Alex Gibney describes the intimidation tactics deployed against his Scientology exposé.

Going Clear

Controversy is nothing new for Oscar-winning film-maker Alex Gibney. But Going Clear: Scientology And The Prison Of Belief is one of his most heatedly discussed films to date.

Based on Lawrence Wright’s book of the same name, the film-maker takes a similar structure to the 2013 bestseller, focusing on eight people (including Crash writer-director Paul Haggis) who have left the Church of Scientology.

For all of them, as Going Clear shows, the decision has ongoing repercussions, not least due to harassment and pressure from the organisation.

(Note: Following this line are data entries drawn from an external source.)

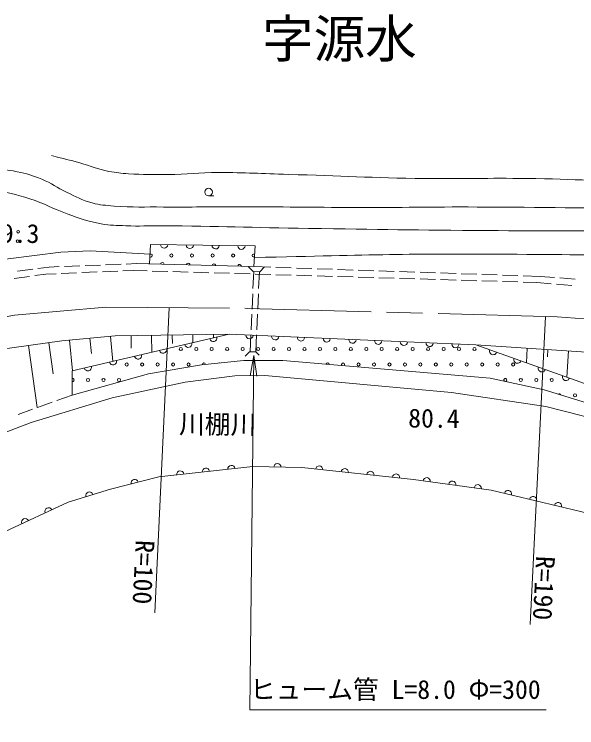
# Model space of a CAD drawing. Units: millimetres at full size, sheet at 1:1000; details may follow other scales. Extents: x 40000 to 680000, y 20000 to 380000.
# Drawn here: x 299436 to 354021, y 238948 to 308229 of the extents above; entities that cross this region are included whole.
import ezdxf
from ezdxf.enums import TextEntityAlignment as Align

# ---------------------------------------------------------------- set-up
doc = ezdxf.new("R2010")
doc.units = ezdxf.units.MM
doc.header["$LTSCALE"] = 1000
doc.linetypes.add('CHAIN', pattern=[18.5, 12, -1.5, 3.5, -1.5])
for name, color, linetype, lineweight in [('M-BGD', 7, 'Continuous', 13), ('M-BMK', 2, 'CHAIN', 13), ('M-STR-HTXT', 7, 'Continuous', 13)]:
    doc.layers.add(name, color=color, linetype=linetype, lineweight=lineweight)
doc.layers.add('M-BGD-HTXT', color=7, linetype='Continuous')
doc.layers.add('M-BMK-HTXT', color=7, linetype='Continuous')
doc.styles.add('ＭＳ ゴシック', font='')
doc.styles.get('ＭＳ ゴシック').set_extended_font_data('MS Gothic')

# ---------------------------------------------------------------- blocks, each defined once
blk = doc.blocks.new('open_arrow')
at = {"color": 0, "linetype": 'Continuous', "lineweight": -2}
blk.add_lwpolyline([(7.5, 1.25), (0, 0), (7.5, -1.25)], dxfattribs=at)

msp = doc.modelspace()

# ---------------------------------------------------------------- linework, layer by layer
at = {"layer": 'M-BGD'}
for p, q in [((318293, 290589), (318793, 290589)), ((312568, 283985), (312662, 285880)), ((312662, 285880), (322798, 285734)), ((322798, 285734), (322671, 283726)), ((301221, 283476), (299733, 283283)), ((302809, 283682), (301716, 283540)), ((303806, 283721), (302809, 283682)), ((305804, 283800), (304306, 283741)), ((307803, 283879), (306304, 283820)), ((309801, 283958), (308302, 283899)), ((311298, 284018), (310301, 283978)), ((311298, 284018), (312568, 283985)), ((322671, 283726), (312451, 283988)), ((324322, 283670), (322671, 283726)), ((326321, 283601), (324822, 283652)), ((328320, 283533), (326821, 283584)), ((330319, 283465), (328820, 283516)), ((332318, 283396), (330819, 283448)), ((334317, 283328), (332817, 283379)), ((300927, 282778), (299441, 282571)), ((302488, 282996), (301422, 282847)), ((303486, 283038), (302488, 282996)), ((305485, 283123), (303986, 283059)), ((307483, 283207), (305984, 283144)), ((309481, 283291), (307982, 283228)), ((310979, 283354), (309981, 283312)), ((312325, 283314), (310979, 283354)), ((314324, 283255), (312825, 283299)), ((316323, 283195), (314824, 283240)), ((318322, 283135), (316823, 283180)), ((320321, 283076), (318822, 283121)), ((322320, 283016), (320821, 283061)), ((322596, 281598), (322669, 283235)), ((324320, 282957), (322820, 283001)), ((323219, 283224), (323148, 281591)), ((326319, 282897), (324819, 282942)), ((328318, 282837), (326818, 282882)), ((330317, 282778), (328818, 282822)), ((332316, 282718), (330817, 282763)), ((334315, 282658), (332816, 282703)), ((336315, 283260), (334816, 283311)), ((338314, 283191), (336815, 283243)), ((340313, 283123), (338814, 283174)), ((342312, 283055), (340813, 283106)), ((344311, 282986), (342812, 283038)), ((346310, 282918), (344810, 282969)), ((348308, 282850), (346809, 282901)), ((350460, 282776), (348808, 282833)), ((351872, 282669), (350460, 282776)), ((336314, 282599), (334815, 282644)), ((338313, 282539), (336814, 282584)), ((340312, 282480), (338813, 282524)), ((342312, 282420), (340812, 282465)), ((344311, 282360), (342811, 282405)), ((346310, 282301), (344810, 282345)), ((348309, 282241), (346810, 282286)), ((350155, 282186), (348809, 282226)), ((351553, 282064), (350155, 282186)), ((353545, 281891), (352051, 282021)), ((353866, 282518), (352371, 282631)), ((322508, 279600), (322574, 281098)), ((323127, 281091), (323062, 279593)), ((322419, 277602), (322485, 279100)), ((323040, 279093), (322976, 277595)), ((318768, 277131), (318773, 276801)), ((304789, 276577), (305071, 273599)), ((306780, 276766), (306921, 275277)), ((308771, 276954), (309002, 274518)), ((310769, 277019), (310786, 275795)), ((312769, 277047), (312792, 275404)), ((314769, 277075), (314780, 276253)), ((316769, 277103), (316779, 276335)), ((322324, 275465), (322396, 277102)), ((322954, 277095), (322883, 275462)), ((300823, 276058), (301660, 270035)), ((302804, 276334), (303223, 273322)), ((349225, 275794), (349133, 274379)), ((351220, 275664), (351174, 274957)), ((353216, 275535), (353051, 272988)), ((305048, 271243), (305058, 273596)), ((305048, 271243), (303575, 270718)), ((303104, 270550), (301691, 270046)), ((301220, 269878), (299807, 269374))]:
    msp.add_line(p, q, dxfattribs=at)
for points in [[(294997, 283726), (298849, 284478), (303958, 285132), (306794, 285256), (312615, 284942)], [(322173, 283689), (322611, 283237), (323271, 283223), (323733, 283690)], [(298010, 275668), (304065, 276509), (309227, 276997), (320277, 277153)], [(305058, 273596), (320277, 277153), (344235, 276118), (371151, 266561)], [(344235, 276118), (356946, 275293), (368147, 274124), (378522, 272489), (388944, 270121), (395067, 268220), (408698, 263095), (416970, 260587), (421519, 259668), (425866, 259153), (436475, 258733), (436786, 258587), (436859, 258089), (436599, 257113), (435789, 255087), (430524, 247610), (424339, 238948)], [(321854, 275028), (322259, 275465), (322883, 275462), (323194, 275137)], [(305048, 271243), (312453, 273310), (317617, 274198), (321730, 274595), (325492, 274618), (345635, 272889), (350870, 271767), (361175, 268589), (370725, 265282), (371151, 266561)], [(366341, 265417), (358287, 268156), (354439, 269262), (351027, 270135), (341867, 271505), (323749, 273141), (320836, 273126), (316022, 272503), (308934, 270976), (301067, 268577), (293846, 265827), (289616, 263280), (277138, 255008)], [(393362, 244016), (382356, 250209), (375579, 253387), (368125, 256167), (358708, 258901), (345715, 262033), (338167, 263061), (327348, 264206), (322581, 264299), (313467, 263318), (308770, 262126), (304681, 260864), (298558, 258013), (283673, 249461)]]:
    msp.add_lwpolyline(points, dxfattribs=at)
for centre, radius in [((318293, 290964), 375), ((299816, 287111), 125), ((299758, 286198), 125), ((314683, 284803), 150), ((316683, 284803), 150), ((318683, 284803), 150), ((320683, 284803), 150), ((315599, 275717), 150), ((317099, 275717), 150), ((318599, 275717), 150), ((320099, 275717), 150), ((321599, 275717), 150), ((323099, 275717), 150), ((324599, 275717), 150), ((326099, 275717), 150), ((327599, 275717), 150), ((329099, 275717), 150), ((330599, 275717), 150), ((332099, 275717), 150), ((333599, 275717), 150), ((335099, 275717), 150), ((336599, 275717), 150), ((338099, 275717), 150), ((339599, 275717), 150), ((341099, 275717), 150), ((342599, 275717), 150), ((344099, 275717), 150), ((310349, 274217), 150), ((311849, 274217), 150), ((313349, 274217), 150), ((314849, 274217), 150), ((316349, 274217), 150), ((332849, 274217), 150), ((334349, 274217), 150), ((335849, 274217), 150), ((337349, 274217), 150), ((338849, 274217), 150), ((340349, 274217), 150), ((341849, 274217), 150), ((343349, 274217), 150), ((344849, 274217), 150), ((346349, 274217), 150), ((347849, 274217), 150), ((306599, 272717), 150), ((308099, 272717), 150), ((309599, 272717), 150), ((348599, 272717), 150), ((350099, 272717), 150), ((351599, 272717), 150), ((353849, 271217), 150)]:
    msp.add_circle(centre, radius, dxfattribs=at)
for centre, radius, start, end in [((313980, 285861), 350, 179.17819, 359.17819), ((316480, 285825), 350, 179.17819, 359.17819), ((318980, 285789), 350, 179.17819, 359.17819), ((321479, 285753), 350, 179.17819, 359.17819), ((312683, 284803), 150, 237.35601, 116.9745), ((322683, 284803), 150, 64.48391, 288.25159), ((313812, 283953), 175, 358.53079, 178.53079), ((316311, 283889), 175, 358.53079, 178.53079), ((318810, 283825), 175, 358.53079, 178.53079), ((321310, 283761), 175, 358.53079, 178.53079), ((318754, 276797), 350, 193.15278, 13.15278), ((322265, 277067), 350, 177.52594, 357.52594), ((324763, 276959), 350, 177.52594, 357.52594), ((327261, 276851), 350, 177.52594, 357.52594), ((329758, 276743), 350, 177.52594, 357.52594), ((332256, 276635), 350, 177.52594, 357.52594), ((334754, 276527), 350, 177.52594, 357.52594), ((337251, 276419), 350, 177.52594, 357.52594), ((316319, 276228), 350, 193.15278, 13.15278), ((339749, 276311), 350, 177.52594, 357.52594), ((342247, 276203), 350, 177.52594, 357.52594), ((311451, 275090), 350, 193.15278, 13.15278), ((313885, 275659), 350, 193.15278, 13.15278), ((345913, 275522), 350, 160.45289, 340.45289), ((309016, 274521), 350, 193.15278, 13.15278), ((317849, 274217), 150, 6.59841, 184.43586), ((319349, 274217), 150, 84.12698, 106.90729), ((329849, 274217), 150, 5.40614, 164.78059), ((331349, 274217), 150, 312.5381, 217.64864), ((348269, 274685), 350, 160.45289, 340.45289), ((306582, 273952), 350, 193.15278, 13.15278), ((350625, 273849), 350, 160.45289, 340.45289), ((352981, 273012), 350, 160.45289, 340.45289), ((305099, 272717), 150, 252.35573, 107.14415), ((347099, 272717), 150, 280.16604, 235.64445), ((352349, 271217), 150, 19.54279, 126.17873), ((318024, 263809), 350, 6.14663, 186.14663), ((320510, 264076), 350, 6.14663, 186.14663), ((324964, 264253), 350, 358.8767, 178.8767), ((329028, 264028), 350, 353.95879, 173.95879), ((331514, 263765), 350, 353.95879, 173.95879), ((315538, 263541), 350, 6.14663, 186.14663), ((334001, 263502), 350, 353.95879, 173.95879), ((336487, 263239), 350, 353.95879, 173.95879), ((311119, 262722), 350, 14.23728, 194.23728), ((339464, 262884), 350, 352.24275, 172.24275), ((341941, 262547), 350, 352.24275, 172.24275), ((344418, 262209), 350, 352.24275, 172.24275), ((347350, 261639), 350, 346.44971, 166.44971), ((306726, 261495), 350, 17.14873, 197.14873), ((349781, 261053), 350, 346.44971, 166.44971), ((352211, 260467), 350, 346.44971, 166.44971), ((302753, 259967), 350, 24.96899, 204.96899), ((300487, 258911), 350, 24.96899, 204.96899)]:
    msp.add_arc(centre, radius, start, end, dxfattribs=at)
for points, knots in [([(303038, 294507), (304373, 294181), (304726, 294095), (305800, 293800), (306910, 293496), (307495, 293184), (308625, 292970), (309360, 292830), (309780, 292791), (310526, 292741), (312003, 292641), (312836, 292665), (314317, 292668), (316249, 292673), (317328, 292870), (319260, 292866), (321906, 292859), (323387, 292755), (326032, 292679), (331206, 292530), (334103, 292343), (339279, 292284), (343155, 292240), (345327, 292336), (349202, 292284), (353923, 292220), (356563, 292007), (361284, 291926), (365965, 291845), (368592, 291730), (373271, 291902), (375733, 291993), (377111, 292126), (379557, 292416), (381524, 292650), (382617, 292874), (384550, 293304), (386134, 293657), (387005, 293938), (388538, 294468), (389509, 294803), (389983, 295175), (390958, 295496), (391626, 295716), (392014, 295801), (392703, 295942), (393441, 296094), (393864, 296200), (394618, 296187), (395112, 296178), (395308, 296163), (395878, 296069)], [0, 0, 0, 0, 1, 1, 1, 2, 2, 2, 3, 3, 3, 4, 4, 4, 5, 5, 5, 6, 6, 6, 7, 7, 7, 8, 8, 8, 9, 9, 9, 10, 10, 10, 11, 11, 11, 12, 12, 12, 13, 13, 13, 14, 14, 14, 15, 15, 15, 16, 16, 16, 17, 17, 17, 17]), ([(291623, 290893), (292808, 291199), (293229, 291296), (294282, 291364), (295445, 291439), (296106, 291337), (297259, 291163), (298721, 290943), (299540, 290767), (300949, 290319), (302409, 289855), (303139, 289354), (304584, 288844), (305849, 288397), (306560, 288116), (307880, 287882), (308796, 287719), (309325, 287731), (310255, 287688), (311622, 287624), (312390, 287708), (313758, 287695), (319323, 287640), (322439, 287525), (328003, 287438), (334775, 287331), (338569, 287273), (345342, 287227), (351165, 287188), (354428, 287160), (360251, 287239), (362132, 287265), (363184, 287343), (365065, 287379), (366698, 287411), (367614, 287434), (369248, 287426), (372033, 287413), (373592, 287334), (376377, 287286), (379925, 287224), (381912, 287096), (385460, 287146), (386477, 287160), (387047, 287178), (388061, 287255), (388942, 287321), (389443, 287341), (390305, 287535), (391338, 287768), (391874, 288062), (392906, 288298), (393455, 288424), (393767, 288556), (394329, 288527), (394862, 288499), (395177, 288444), (395658, 288215), (396285, 287917), (396597, 287667), (397144, 287239), (398805, 285940), (399582, 285031), (401153, 283625), (402711, 282230), (403505, 281353), (405151, 280062), (406556, 278961), (407408, 278417), (408963, 277539), (410003, 276951), (410677, 276806), (411788, 276365), (412230, 276189), (412512, 276167), (412930, 275939), (413324, 275725), (413564, 275609), (413875, 275285), (414265, 274879), (414364, 274556), (414696, 274101), (415225, 273374), (415429, 272875), (416098, 272273), (416683, 271746), (417088, 271527), (417801, 271193), (418340, 270940), (418685, 270903), (419265, 270767), (419750, 270654), (420041, 270686), (420522, 270559), (420970, 270442), (421187, 270269), (421633, 270144), (422272, 269965), (422633, 269840), (423295, 269791), (423756, 269757), (424018, 269758), (424479, 269801), (425237, 269873), (425664, 269938), (426400, 270134), (427292, 270370), (427774, 270589), (428592, 271016), (429486, 271483), (429988, 271765), (430773, 272398), (431235, 272771), (431569, 272928), (431894, 273426), (433126, 275310), (433537, 276533), (434492, 278572), (434795, 279218), (434881, 279622), (435240, 280239), (435630, 280908), (436103, 281087), (436611, 281672), (436914, 282021), (437142, 282182), (437359, 282591), (437788, 283401), (437856, 283938), (438044, 284834), (438341, 286248), (438509, 287067), (438449, 288511), (438412, 289401), (438378, 289912), (438137, 290770), (437803, 291964), (437601, 292644), (437031, 293745), (436643, 294497), (436476, 294778), (435910, 295599)], [0, 0, 0, 0, 1, 1, 1, 2, 2, 2, 3, 3, 3, 4, 4, 4, 5, 5, 5, 6, 6, 6, 7, 7, 7, 8, 8, 8, 9, 9, 9, 10, 10, 10, 11, 11, 11, 12, 12, 12, 13, 13, 13, 14, 14, 14, 15, 15, 15, 16, 16, 16, 17, 17, 17, 18, 18, 18, 19, 19, 19, 20, 20, 20, 21, 21, 21, 22, 22, 22, 23, 23, 23, 24, 24, 24, 25, 25, 25, 26, 26, 26, 27, 27, 27, 28, 28, 28, 29, 29, 29, 30, 30, 30, 31, 31, 31, 32, 32, 32, 33, 33, 33, 34, 34, 34, 35, 35, 35, 36, 36, 36, 37, 37, 37, 38, 38, 38, 39, 39, 39, 40, 40, 40, 41, 41, 41, 42, 42, 42, 43, 43, 43, 44, 44, 44, 45, 45, 45, 46, 46, 46, 47, 47, 47, 47]), ([(284397, 295107), (286555, 294310), (287099, 294104), (288837, 293479), (289372, 293287), (289650, 293097), (290208, 292988), (290801, 292873), (291147, 292890), (291750, 292879), (292731, 292861), (293280, 292917), (294259, 292973), (295271, 293030), (295831, 293189), (296845, 293191), (297975, 293193), (298616, 293151), (299727, 292942), (300678, 292763), (301197, 292572), (302095, 292209), (303079, 291812), (303550, 291417), (304509, 290963), (305461, 290513), (305966, 290160), (306986, 289904), (307803, 289699), (308282, 289676), (309121, 289608), (310983, 289455), (312035, 289536), (313903, 289514), (316745, 289482), (318337, 289551), (321178, 289545), (325608, 289536), (328090, 289480), (332520, 289468), (337138, 289455), (339725, 289529), (344344, 289514), (351038, 289492), (354787, 289419), (361480, 289343), (368607, 289262), (372598, 289048), (379725, 289100), (381557, 289113), (382588, 289097), (384414, 289255), (385519, 289351), (386127, 289516), (387203, 289785), (388121, 290015), (388622, 290200), (389508, 290533), (390555, 290926), (391122, 291197), (392157, 291623), (392790, 291884), (393106, 292153), (393777, 292293), (394129, 292366), (394340, 292394), (394696, 292340), (395100, 292278), (395326, 292183), (395672, 291966), (396237, 291611), (396483, 291311), (396950, 290834), (397484, 290287), (397737, 289937), (398227, 289349), (398608, 288892), (398826, 288638), (399172, 288154), (399843, 287217), (400067, 286590), (400735, 285651), (401311, 284842), (401656, 284404), (402293, 283642), (402982, 282819), (403363, 282351), (404116, 281585), (404688, 281003), (405012, 280675), (405648, 280163), (406371, 279579), (406783, 279256), (407569, 278761), (408133, 278405), (408458, 278217), (409054, 277919), (409993, 277451), (410512, 277165), (411495, 276798), (412092, 276574), (412438, 276467), (413063, 276341), (413453, 276262), (413686, 276242), (414081, 276289), (414323, 276318), (414422, 276335), (414694, 276413)], [0, 0, 0, 0, 1, 1, 1, 2, 2, 2, 3, 3, 3, 4, 4, 4, 5, 5, 5, 6, 6, 6, 7, 7, 7, 8, 8, 8, 9, 9, 9, 10, 10, 10, 11, 11, 11, 12, 12, 12, 13, 13, 13, 14, 14, 14, 15, 15, 15, 16, 16, 16, 17, 17, 17, 18, 18, 18, 19, 19, 19, 20, 20, 20, 21, 21, 21, 22, 22, 22, 23, 23, 23, 24, 24, 24, 25, 25, 25, 26, 26, 26, 27, 27, 27, 28, 28, 28, 29, 29, 29, 30, 30, 30, 31, 31, 31, 32, 32, 32, 33, 33, 33, 34, 34, 34, 35, 35, 35, 36, 36, 36, 36]), ([(322726, 284602), (334572, 284873), (337676, 285000), (347259, 284928), (352640, 284888), (355657, 284902), (361034, 284700), (362770, 284635), (363748, 284653), (365474, 284467), (367172, 284283), (368100, 284000), (369797, 283812), (372287, 283536), (373698, 283564), (376200, 283462), (381118, 283260), (383879, 283326), (388795, 283088), (390778, 282992), (391930, 283199), (393866, 282761), (394450, 282629), (394759, 282472), (395289, 282194), (396564, 281526), (397101, 280867), (398253, 280003), (399596, 278996), (400243, 278280), (401677, 277407), (402785, 276733), (403469, 276465), (404637, 275901), (406249, 275123), (407178, 274744), (408804, 273998), (411029, 272977), (412203, 272235), (414493, 271373), (415599, 270957), (416251, 270813), (417401, 270542), (418037, 270392), (418416, 270429), (419053, 270282), (419603, 270155), (419899, 270036), (420434, 269856), (421442, 269518), (421940, 269117), (422978, 268891), (423474, 268783), (423759, 268743), (424266, 268724), (424980, 268699), (425389, 268672), (426094, 268787), (426901, 268918), (427331, 269120), (428078, 269451), (428875, 269805), (429303, 270056), (430020, 270552), (430699, 271022), (431074, 271314), (431619, 271934), (431995, 272361), (432170, 272631), (432481, 273107), (433443, 274579), (434033, 275379), (434843, 276940), (435087, 277411), (435201, 277686), (435419, 278170), (435673, 278734), (435764, 279075), (436058, 279619), (436280, 280031), (436482, 280214), (436755, 280594), (437290, 281338), (437687, 281694), (438126, 282498), (438483, 283151), (438668, 283531), (438909, 284236), (439203, 285097), (439334, 285599), (439463, 286500), (439609, 287530), (439648, 288118), (439643, 289159), (439640, 289588), (439562, 289824), (439525, 290253), (439509, 290428), (439400, 290551), (439490, 290703), (439560, 290819), (439667, 290844), (439802, 290855), (440067, 290877), (440279, 290856), (440453, 290654), (440670, 290402), (440660, 290178), (440792, 289872), (440999, 289388), (441080, 289101), (441318, 288632), (441474, 288325), (441538, 288133), (441754, 287864), (442010, 287546), (442167, 287373), (442488, 287123), (442720, 286943), (442946, 286979), (443153, 286770), (443244, 286678), (443285, 286635), (443361, 286514)], [0, 0, 0, 0, 1, 1, 1, 2, 2, 2, 3, 3, 3, 4, 4, 4, 5, 5, 5, 6, 6, 6, 7, 7, 7, 8, 8, 8, 9, 9, 9, 10, 10, 10, 11, 11, 11, 12, 12, 12, 13, 13, 13, 14, 14, 14, 15, 15, 15, 16, 16, 16, 17, 17, 17, 18, 18, 18, 19, 19, 19, 20, 20, 20, 21, 21, 21, 22, 22, 22, 23, 23, 23, 24, 24, 24, 25, 25, 25, 26, 26, 26, 27, 27, 27, 28, 28, 28, 29, 29, 29, 30, 30, 30, 31, 31, 31, 32, 32, 32, 33, 33, 33, 34, 34, 34, 35, 35, 35, 36, 36, 36, 37, 37, 37, 38, 38, 38, 39, 39, 39, 40, 40, 40, 41, 41, 41, 41])]:
    msp.add_open_spline(points, degree=3, knots=knots, dxfattribs=at)
at = {"layer": 'M-BMK'}
msp.add_lwpolyline([(293515, 277902), (299445, 279003), (308325, 279782), (322070, 279673), (352122, 278855), (363525, 278014), (371107, 276916), (379537, 275581), (388874, 273400), (399847, 270251), (423635, 262890)], dxfattribs=at)
at = {"layer": 'M-STR-HTXT'}
for p, q in [((314459, 279733), (313061, 250105)), ((350979, 278886), (349508, 248968))]:
    msp.add_line(p, q, dxfattribs=at)
msp.add_lwpolyline([(322673, 275109), (322305, 240697), (351055, 240697)], dxfattribs=at)

# ---------------------------------------------------------------- block references
at = {"layer": 'M-STR-HTXT', "xscale": 267, "yscale": 267, "rotation": 269.4}
msp.add_blockref('open_arrow', (322673, 275109), dxfattribs=at)

# ---------------------------------------------------------------- texts
at = {"layer": 'M-BGD-HTXT', "style": 'ＭＳ ゴシック'}
for s, p in [('89.3', (299367, 285492)), ('川棚川', (319162, 266954)), ('80.4', (340145, 267532))]:
    msp.add_text(s, height=1833, rotation=359.362, dxfattribs=at).set_placement(p, align=Align.BOTTOM_CENTER)
at = {"layer": 'M-BMK-HTXT', "style": 'ＭＳ ゴシック'}
msp.add_text('字源水', height=3666, dxfattribs=at).set_placement((330983, 305852), align=Align.MIDDLE_CENTER)
at = {"layer": 'M-STR-HTXT', "style": 'ＭＳ ゴシック'}
for s, rotation, p in [('R=100', 267.298, (311993, 254051)), ('R=190', 267.184, (350847, 252505))]:
    msp.add_text(s, height=1833, rotation=rotation, dxfattribs=at).set_placement(p, align=Align.MIDDLE_CENTER)
msp.add_text('ヒューム管 L=8.0 Φ=300', height=1833, dxfattribs=at).set_placement((322305, 241197), align=Align.BOTTOM_LEFT)

doc.saveas('drawing.dxf')

After its world premiere at Sundance in January, the Church of Scientology blasted the film as “one-sided” and “dishonest”, but Gibney says he repeatedly requested interviews with church members and officials. “All of those asked either declined, did not respond or set unreasonable conditions,” he says.

Blog sites (such as www.alexgibney propaganda.com) have emerged to discredit film and film-maker, but sales agent Content has sold it worldwide, and HBO debuted Going Clear last April to 5.5 million viewers, its biggest premiere in nearly a decade.

“Nothing goes in these films without us doing a tremendous amount of research,” says Gibney, who has learnt to take pressure in his stride with films such as Taxi To The Dark Side, for which he won the Oscar in 2008, The Armstrong Lie and Enron: The Smartest Guys In The Room.

“I think we were fair. Ultimately the film is not a vast empirical history of the Church of Scientology, it’s about what these eight people went through.”

One of the biggest obstacles, says Gibney, is that the organisation attempted to intimidate all eight participants taking part. In addition to Haggis, they included John Travolta’s former Scientology mentor Spanky Taylor and Tom DeVocht, a former church executive who was close to Scientology leader David Miscavige.

“The people whose stories we tell have paid a heavy price,” says Gibney. “But the message we want to put out to the public is that talking makes a difference.”